The Cyber Review: North Korean Hackers, Canada Research Chair

February 5, 2021
Written by Farah

1. The Big 8: How to heighten cybersecurity governance

As cyber criminals continue to get savvy with attacks and exploitation, organizations and government agencies must implement effective cyber security strategies.

8 important steps to heighten cybersecurity governance:

  • Recognize that the worst case scenario has happened
  • Get the CISO to report to the CEO
  • Review internal cybersecurity policies
  • Confirm if processes and controls are bulletproof
  • Stay up to date on regulations
  • Increase IT budget funding
  • Create and regularly update an incident response plan
  • Communicate with customers and suppliers

2. North Korea targeted cybersecurity researchers using a blend of hacking and espionage

North Korean hackers attacked cybersecurity researchers by deceiving them through fake social media accounts and personas.

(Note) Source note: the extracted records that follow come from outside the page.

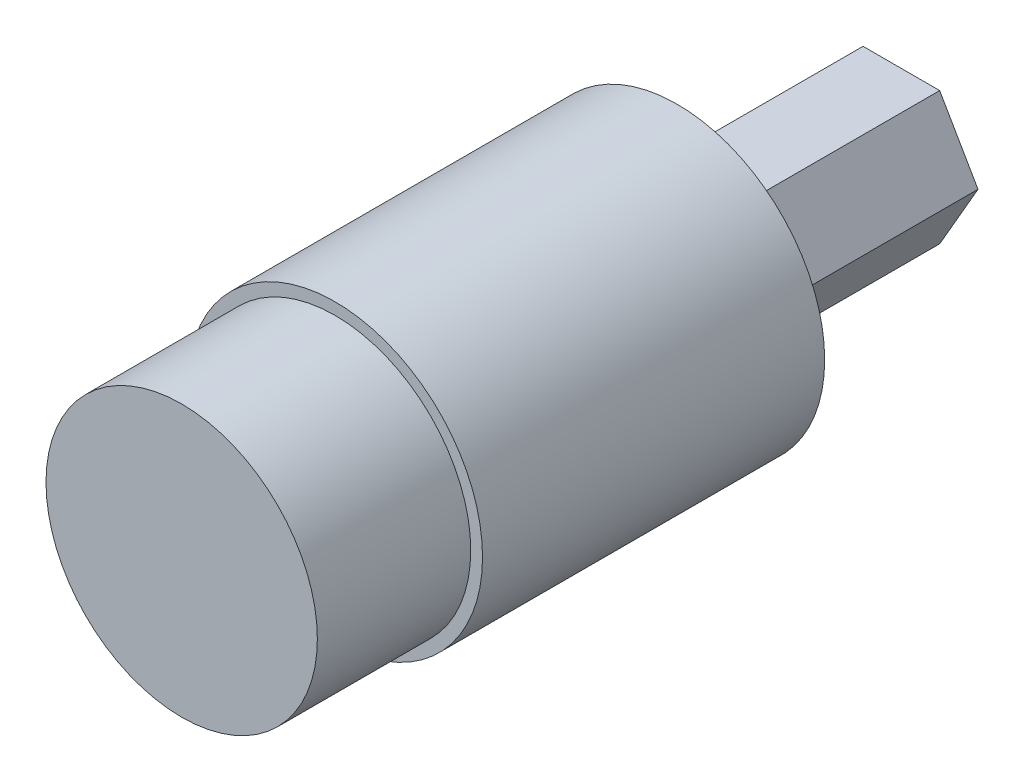
ISO-10303-21;
HEADER;
FILE_DESCRIPTION(('STEP AP214'),'2;1');
FILE_NAME('part.step','',(''),(''),'','','');
FILE_SCHEMA(('AUTOMOTIVE_DESIGN { 1 0 10303 214 1 1 1 1 }'));
ENDSEC;
DATA;
#1=APPLICATION_CONTEXT('core data for automotive mechanical design processes');
#2=APPLICATION_PROTOCOL_DEFINITION('international standard','automotive_design',2000,#1);
#3=PRODUCT_CONTEXT('',#1,'mechanical');
#4=PRODUCT('Part','Part','',(#3));
#5=PRODUCT_RELATED_PRODUCT_CATEGORY('part','',(#4));
#6=PRODUCT_DEFINITION_FORMATION('','',#4);
#7=PRODUCT_DEFINITION_CONTEXT('part definition',#1,'design');
#8=PRODUCT_DEFINITION('design','',#6,#7);
#9=PRODUCT_DEFINITION_SHAPE('','',#8);
#10=(LENGTH_UNIT() NAMED_UNIT(*) SI_UNIT(.MILLI.,.METRE.));
#11=(NAMED_UNIT(*) PLANE_ANGLE_UNIT() SI_UNIT($,.RADIAN.));
#12=(NAMED_UNIT(*) SI_UNIT($,.STERADIAN.) SOLID_ANGLE_UNIT());
#13=UNCERTAINTY_MEASURE_WITH_UNIT(LENGTH_MEASURE(1.E-05),#10,'distance_accuracy_value','');
#14=(GEOMETRIC_REPRESENTATION_CONTEXT(3) GLOBAL_UNCERTAINTY_ASSIGNED_CONTEXT((#13)) GLOBAL_UNIT_ASSIGNED_CONTEXT((#10,
#11,#12)) REPRESENTATION_CONTEXT('',''));
#15=CARTESIAN_POINT('',(0.,0.,0.));
#16=DIRECTION('',(0.,0.,1.));
#17=DIRECTION('',(1.,0.,0.));
#18=AXIS2_PLACEMENT_3D('',#15,#16,#17);
#19=CARTESIAN_POINT('',(0.,0.,53.34));
#20=DIRECTION('',(0.,0.,-1.));
#21=DIRECTION('',(-1.,0.,0.));
#22=AXIS2_PLACEMENT_3D('',#19,#20,#21);
#23=CYLINDRICAL_SURFACE('',#22,15.875);
#24=CARTESIAN_POINT('',(0.,0.,0.));
#25=DIRECTION('',(0.,0.,1.));
#26=DIRECTION('',(1.,0.,0.));
#27=AXIS2_PLACEMENT_3D('',#24,#25,#26);
#28=CIRCLE('',#27,15.875);
#29=CARTESIAN_POINT('',(15.875,0.,0.));
#30=VERTEX_POINT('',#29);
#31=EDGE_CURVE('E12',#30,#30,#28,.T.);
#32=ORIENTED_EDGE('',*,*,#31,.T.);
#33=EDGE_LOOP('',(#32));
#34=FACE_BOUND('',#33,.T.);
#35=CARTESIAN_POINT('',(1.47573332446882,-15.8062593979427,29.6111789912559));
#36=CARTESIAN_POINT('',(1.65475016865893,-15.7895418809201,29.6111718038457));
#37=CARTESIAN_POINT('',(1.83357595181604,-15.7697497542096,29.5959866783168));
#38=CARTESIAN_POINT('',(2.1855963327518,-15.7248331820091,29.5359643248302));
#39=CARTESIAN_POINT('',(2.35878508824279,-15.6997033954727,29.4910973003365));
#40=CARTESIAN_POINT('',(2.69443102462366,-15.6455914181036,29.3733512414853));
#41=CARTESIAN_POINT('',(2.85690301128605,-15.616614716234,29.3005118442731));
#42=CARTESIAN_POINT('',(3.16713215063405,-15.556667118741,29.1289877354717));
#43=CARTESIAN_POINT('',(3.31489040462805,-15.5256963726561,29.0303049602439));
#44=CARTESIAN_POINT('',(3.594451244585,-15.4633905024007,28.8077086166512));
#45=CARTESIAN_POINT('',(3.72591897938713,-15.4320588460277,28.6833730960508));
#46=CARTESIAN_POINT('',(3.96614112887061,-15.3720758002535,28.4138249607425));
#47=CARTESIAN_POINT('',(4.07489435082612,-15.3434245516427,28.2686112504087));
#48=CARTESIAN_POINT('',(4.2663065610253,-15.2913084693007,27.9613149981526));
#49=CARTESIAN_POINT('',(4.34900210998827,-15.2678363828417,27.7992565193034));
#50=CARTESIAN_POINT('',(4.48571690881626,-15.2282328705994,27.462628940546));
#51=CARTESIAN_POINT('',(4.53974404808165,-15.212099425434,27.2880632975707));
#52=CARTESIAN_POINT('',(4.6157447869748,-15.1892085292378,26.9380490132076));
#53=CARTESIAN_POINT('',(4.6387940300353,-15.1821368619704,26.7628544665595));
#54=CARTESIAN_POINT('',(4.65551331163094,-15.1770191051206,26.410953266033));
#55=CARTESIAN_POINT('',(4.64918899765341,-15.1789712805747,26.2342469093424));
#56=CARTESIAN_POINT('',(4.60802156074972,-15.1915169367208,25.88970037717));
#57=CARTESIAN_POINT('',(4.57400376056022,-15.2018603118785,25.7217513658796));
#58=CARTESIAN_POINT('',(4.47968073089897,-15.2299207267939,25.3940652981595));
#59=CARTESIAN_POINT('',(4.41937352633899,-15.2476383205625,25.2343288597378));
#60=CARTESIAN_POINT('',(4.27332938609346,-15.289215093064,24.924965853531));
#61=CARTESIAN_POINT('',(4.18723847795556,-15.3131591055378,24.7755181706815));
#62=CARTESIAN_POINT('',(3.99246080202612,-15.3650908394775,24.4929414278998));
#63=CARTESIAN_POINT('',(3.88376933976613,-15.3930794006867,24.3598157674394));
#64=CARTESIAN_POINT('',(3.64198057650366,-15.4521083647813,24.1081720150649));
#65=CARTESIAN_POINT('',(3.50809546844578,-15.4832252895963,23.9904281427386));
#66=CARTESIAN_POINT('',(3.22248961438754,-15.5451766099479,23.7789146659268));
#67=CARTESIAN_POINT('',(3.07076650801275,-15.5760109675112,23.6851482394284));
#68=CARTESIAN_POINT('',(2.75038951660609,-15.6357920934915,23.5226361796002));
#69=CARTESIAN_POINT('',(2.58147123856515,-15.664692553257,23.4543933647152));
#70=CARTESIAN_POINT('',(2.23381124161288,-15.718034457741,23.347652389426));
#71=CARTESIAN_POINT('',(2.05507060988741,-15.7424763946622,23.3091509441768));
#72=CARTESIAN_POINT('',(1.69596687531345,-15.785165877686,23.2637470722057));
#73=CARTESIAN_POINT('',(1.51568094673126,-15.8035102163008,23.2563267618504));
#74=CARTESIAN_POINT('',(1.15593642833655,-15.8338879163662,23.2722008014547));
#75=CARTESIAN_POINT('',(0.976477720403394,-15.8459222083724,23.2954906207464));
#76=CARTESIAN_POINT('',(0.628035379462351,-15.8635094134711,23.3713670438391));
#77=CARTESIAN_POINT('',(0.458904115662563,-15.8692096952214,23.4232435595835));
#78=CARTESIAN_POINT('',(0.131514431589141,-15.8753001599826,23.5543750850468));
#79=CARTESIAN_POINT('',(-0.0267441266246493,-15.8756904103734,23.6336297473468));
#80=CARTESIAN_POINT('',(-0.327421590863878,-15.8723341995013,23.8169854421605));
#81=CARTESIAN_POINT('',(-0.469886963327943,-15.8686002481245,23.9210105897608));
#82=CARTESIAN_POINT('',(-0.735612225693869,-15.8585060133157,24.1511249997145));
#83=CARTESIAN_POINT('',(-0.858870808693706,-15.8521455512735,24.2772157622568));
#84=CARTESIAN_POINT('',(-1.08414215080199,-15.8383451857864,24.549580021302));
#85=CARTESIAN_POINT('',(-1.18589076089499,-15.8308935737289,24.6960714662323));
#86=CARTESIAN_POINT('',(-1.36348367250784,-15.8165895809933,25.0040243286768));
#87=CARTESIAN_POINT('',(-1.43932744012994,-15.8097372126678,25.1654860546408));
#88=CARTESIAN_POINT('',(-1.56327281526235,-15.7979658368137,25.4997045076692));
#89=CARTESIAN_POINT('',(-1.61123693231466,-15.7930564485178,25.6725126124412));
#90=CARTESIAN_POINT('',(-1.67743949645949,-15.786163101869,26.0237865408233));
#91=CARTESIAN_POINT('',(-1.69567905662325,-15.7841790339741,26.2022521523262));
#92=CARTESIAN_POINT('',(-1.7018788838092,-15.7835117280442,26.5588063420732));
#93=CARTESIAN_POINT('',(-1.68999224227089,-15.784811800976,26.7368922423276));
#94=CARTESIAN_POINT('',(-1.63661314863291,-15.7904347796916,27.0885194965798));
#95=CARTESIAN_POINT('',(-1.59512048609089,-15.7947577069622,27.2620608182653));
#96=CARTESIAN_POINT('',(-1.4837778299595,-15.8056043985312,27.5995679864318));
#97=CARTESIAN_POINT('',(-1.41394949091216,-15.8121264815603,27.7635410359203));
#98=CARTESIAN_POINT('',(-1.24791192775978,-15.8260939776786,28.0774947676895));
#99=CARTESIAN_POINT('',(-1.15170205126861,-15.8335394135988,28.227475103823));
#100=CARTESIAN_POINT('',(-0.934988713488278,-15.847815065442,28.5100440368687));
#101=CARTESIAN_POINT('',(-0.814357756042988,-15.8546417684888,28.6425350671114));
#102=CARTESIAN_POINT('',(-0.552470645322964,-15.8659238020154,28.8854461666304));
#103=CARTESIAN_POINT('',(-0.411211521243918,-15.8703787904982,28.9958630514217));
#104=CARTESIAN_POINT('',(-0.112453032690774,-15.8753024221133,29.1911880791487));
#105=CARTESIAN_POINT('',(0.0450074883273529,-15.8757803848105,29.2761554082144));
#106=CARTESIAN_POINT('',(0.371794568793654,-15.871483690414,29.4183993672056));
#107=CARTESIAN_POINT('',(0.54110974696482,-15.8667140083862,29.4757021506471));
#108=CARTESIAN_POINT('',(0.83851009822069,-15.8533333362174,29.5492336606944));
#109=CARTESIAN_POINT('',(0.964980476238011,-15.8461577918051,29.57245088377));
#110=CARTESIAN_POINT('',(1.21957759480811,-15.8285988139637,29.6034260551002));
#111=CARTESIAN_POINT('',(1.34770432161807,-15.8182154071341,29.6111841315374));
#112=CARTESIAN_POINT('',(1.47573332446882,-15.8062593979427,29.6111789912559));
#113=B_SPLINE_CURVE_WITH_KNOTS('',3,(#35,#36,#37,#38,#39,#40,#41,#42,#43,#44,#45,#46,#47,#48,
#49,#50,#51,#52,#53,#54,#55,#56,#57,#58,#59,#60,#61,#62,#63,#64,#65,#66,#67,#68,#69,#70,#71,#72,
#73,#74,#75,#76,#77,#78,#79,#80,#81,#82,#83,#84,#85,#86,#87,#88,#89,#90,#91,#92,#93,#94,#95,#96,
#97,#98,#99,#100,#101,#102,#103,#104,#105,#106,#107,#108,#109,#110,#111,#112),.UNSPECIFIED.,.T.,
.F.,(4,2,2,2,2,2,2,2,2,2,2,2,2,2,2,2,2,2,2,2,2,2,2,2,2,2,2,2,2,2,2,2,2,2,2,2,2,2,4),(0.,
0.538908429208579,1.07835867079495,1.61704730959281,2.15569559772248,2.70403386967561,
3.25240092731696,3.79999512632357,4.34743855193872,4.87533457539628,5.40312910747947,
5.91574626590288,6.42840194321569,6.94844612927217,7.46859844427776,8.00907914613055,
8.54963144658328,9.10033262271266,9.65097296685112,10.1924009466221,10.7337490584176,
11.2622196318758,11.7906834994797,12.317548776118,12.844449887007,13.3774873466349,
13.9105357914802,14.4461911746698,14.9818264991479,15.5147453646002,16.047668018127,
16.5801841690014,17.1127134895967,17.6480982344426,18.1835601599125,18.717766956059,
19.2514677298451,19.6368866619712,20.0223023983036),.UNSPECIFIED.);
#114=CARTESIAN_POINT('',(1.47573332446882,-15.8062593979427,29.6111789912559));
#115=VERTEX_POINT('',#114);
#116=EDGE_CURVE('E112',#115,#115,#113,.T.);
#117=ORIENTED_EDGE('',*,*,#116,.T.);
#118=EDGE_LOOP('',(#117));
#119=FACE_BOUND('',#118,.T.);
#120=CARTESIAN_POINT('',(0.,0.,36.83));
#121=DIRECTION('',(0.,0.,1.));
#122=DIRECTION('',(1.,0.,0.));
#123=AXIS2_PLACEMENT_3D('',#120,#121,#122);
#124=CIRCLE('',#123,15.875);
#125=CARTESIAN_POINT('',(15.875,0.,36.83));
#126=VERTEX_POINT('',#125);
#127=EDGE_CURVE('E36',#126,#126,#124,.T.);
#128=ORIENTED_EDGE('',*,*,#127,.F.);
#129=EDGE_LOOP('',(#128));
#130=FACE_BOUND('',#129,.T.);
#131=ADVANCED_FACE('F32',(#34,#119,#130),#23,.T.);
#132=CARTESIAN_POINT('',(0.,0.,0.));
#133=DIRECTION('',(0.,0.,1.));
#134=DIRECTION('',(1.,0.,0.));
#135=AXIS2_PLACEMENT_3D('',#132,#133,#134);
#136=PLANE('',#135);
#137=ORIENTED_EDGE('',*,*,#31,.F.);
#138=EDGE_LOOP('',(#137));
#139=FACE_BOUND('',#138,.T.);
#140=DIRECTION('',(-0.5,0.866025403784439,0.));
#141=VECTOR('',#140,1.);
#142=CARTESIAN_POINT('',(-4.12444598552339,-7.14375,0.));
#143=LINE('',#142,#141);
#144=CARTESIAN_POINT('',(-4.12444598552339,-7.14375,0.));
#145=VERTEX_POINT('',#144);
#146=CARTESIAN_POINT('',(-8.24889197104678,0.,0.));
#147=VERTEX_POINT('',#146);
#148=EDGE_CURVE('E107',#145,#147,#143,.T.);
#149=ORIENTED_EDGE('',*,*,#148,.F.);
#150=DIRECTION('',(-1.,0.,0.));
#151=VECTOR('',#150,1.);
#152=CARTESIAN_POINT('',(4.12444598552339,-7.14375,0.));
#153=LINE('',#152,#151);
#154=CARTESIAN_POINT('',(4.12444598552339,-7.14375,0.));
#155=VERTEX_POINT('',#154);
#156=EDGE_CURVE('E104',#155,#145,#153,.T.);
#157=ORIENTED_EDGE('',*,*,#156,.F.);
#158=DIRECTION('',(-0.5,-0.866025403784439,0.));
#159=VECTOR('',#158,1.);
#160=CARTESIAN_POINT('',(8.24889197104678,0.,0.));
#161=LINE('',#160,#159);
#162=CARTESIAN_POINT('',(8.24889197104678,0.,0.));
#163=VERTEX_POINT('',#162);
#164=EDGE_CURVE('E205',#163,#155,#161,.T.);
#165=ORIENTED_EDGE('',*,*,#164,.F.);
#166=DIRECTION('',(0.5,-0.866025403784439,0.));
#167=VECTOR('',#166,1.);
#168=CARTESIAN_POINT('',(4.12444598552339,7.14375,0.));
#169=LINE('',#168,#167);
#170=CARTESIAN_POINT('',(4.12444598552339,7.14375,0.));
#171=VERTEX_POINT('',#170);
#172=EDGE_CURVE('E202',#171,#163,#169,.T.);
#173=ORIENTED_EDGE('',*,*,#172,.F.);
#174=DIRECTION('',(1.,0.,0.));
#175=VECTOR('',#174,1.);
#176=CARTESIAN_POINT('',(-4.12444598552338,7.14375,0.));
#177=LINE('',#176,#175);
#178=CARTESIAN_POINT('',(-4.12444598552338,7.14375,0.));
#179=VERTEX_POINT('',#178);
#180=EDGE_CURVE('E54',#179,#171,#177,.T.);
#181=ORIENTED_EDGE('',*,*,#180,.F.);
#182=DIRECTION('',(0.5,0.866025403784438,0.));
#183=VECTOR('',#182,1.);
#184=CARTESIAN_POINT('',(-8.24889197104678,0.,0.));
#185=LINE('',#184,#183);
#186=EDGE_CURVE('E49',#147,#179,#185,.T.);
#187=ORIENTED_EDGE('',*,*,#186,.F.);
#188=EDGE_LOOP('',(#149,#157,#165,#173,#181,#187));
#189=FACE_BOUND('',#188,.T.);
#190=ADVANCED_FACE('F135',(#139,#189),#136,.F.);
#191=CARTESIAN_POINT('',(-8.24889197104678,0.,-24.13));
#192=DIRECTION('',(0.,0.,-1.));
#193=DIRECTION('',(-1.,0.,0.));
#194=AXIS2_PLACEMENT_3D('',#191,#192,#193);
#195=PLANE('',#194);
#196=DIRECTION('',(-0.5,0.866025403784439,0.));
#197=VECTOR('',#196,1.);
#198=CARTESIAN_POINT('',(-4.12444598552339,-7.14375,-24.13));
#199=LINE('',#198,#197);
#200=CARTESIAN_POINT('',(-4.12444598552339,-7.14375,-24.13));
#201=VERTEX_POINT('',#200);
#202=CARTESIAN_POINT('',(-8.24889197104678,0.,-24.13));
#203=VERTEX_POINT('',#202);
#204=EDGE_CURVE('E94',#201,#203,#199,.T.);
#205=ORIENTED_EDGE('',*,*,#204,.T.);
#206=DIRECTION('',(0.5,0.866025403784438,0.));
#207=VECTOR('',#206,1.);
#208=CARTESIAN_POINT('',(-8.24889197104678,0.,-24.13));
#209=LINE('',#208,#207);
#210=CARTESIAN_POINT('',(-4.12444598552338,7.14375,-24.13));
#211=VERTEX_POINT('',#210);
#212=EDGE_CURVE('E84',#203,#211,#209,.T.);
#213=ORIENTED_EDGE('',*,*,#212,.T.);
#214=DIRECTION('',(1.,0.,0.));
#215=VECTOR('',#214,1.);
#216=CARTESIAN_POINT('',(-4.12444598552338,7.14375,-24.13));
#217=LINE('',#216,#215);
#218=CARTESIAN_POINT('',(4.12444598552339,7.14375,-24.13));
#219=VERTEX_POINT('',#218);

The fake personas contacted researchers asking to collaborate by including content that would entice the researchers.

Since the pandemic, phishing has already been on the rise, now hackers are finding new ways to manipulate people who are working from home. This attack was at a higher level because it targeted people who are in cybersecurity and have the knowledge.

3 trends from North Korean operations:

  • Stealing cyber weapons from the industry
  • Weaponization of social media
  • Blurring of cyber and information warfare

3. Let’s change the way we think about cybersecurity, legal expert says

Emily Laidlaw, University of Calgary’s Canada Research Chair in cybersecurity law says so many of our day-to-day activities are vulnerable to cybersecurity attacks and issues. Changing the way we think about cybersecurity, exploring systems of cybersecurity and models in Canada is needed especially with how fast technology is evolving.

“The law as it relates to cybersecurity is in disarray, which provides a really good opportunity for me to make a significant impact on this area of law. The approach I am taking is to start by looking at regulatory models — what are the trends in different governance approaches, and what do we learn from them about what is generally working and not working — which will shape the development of new forms of cybersecurity regulation.”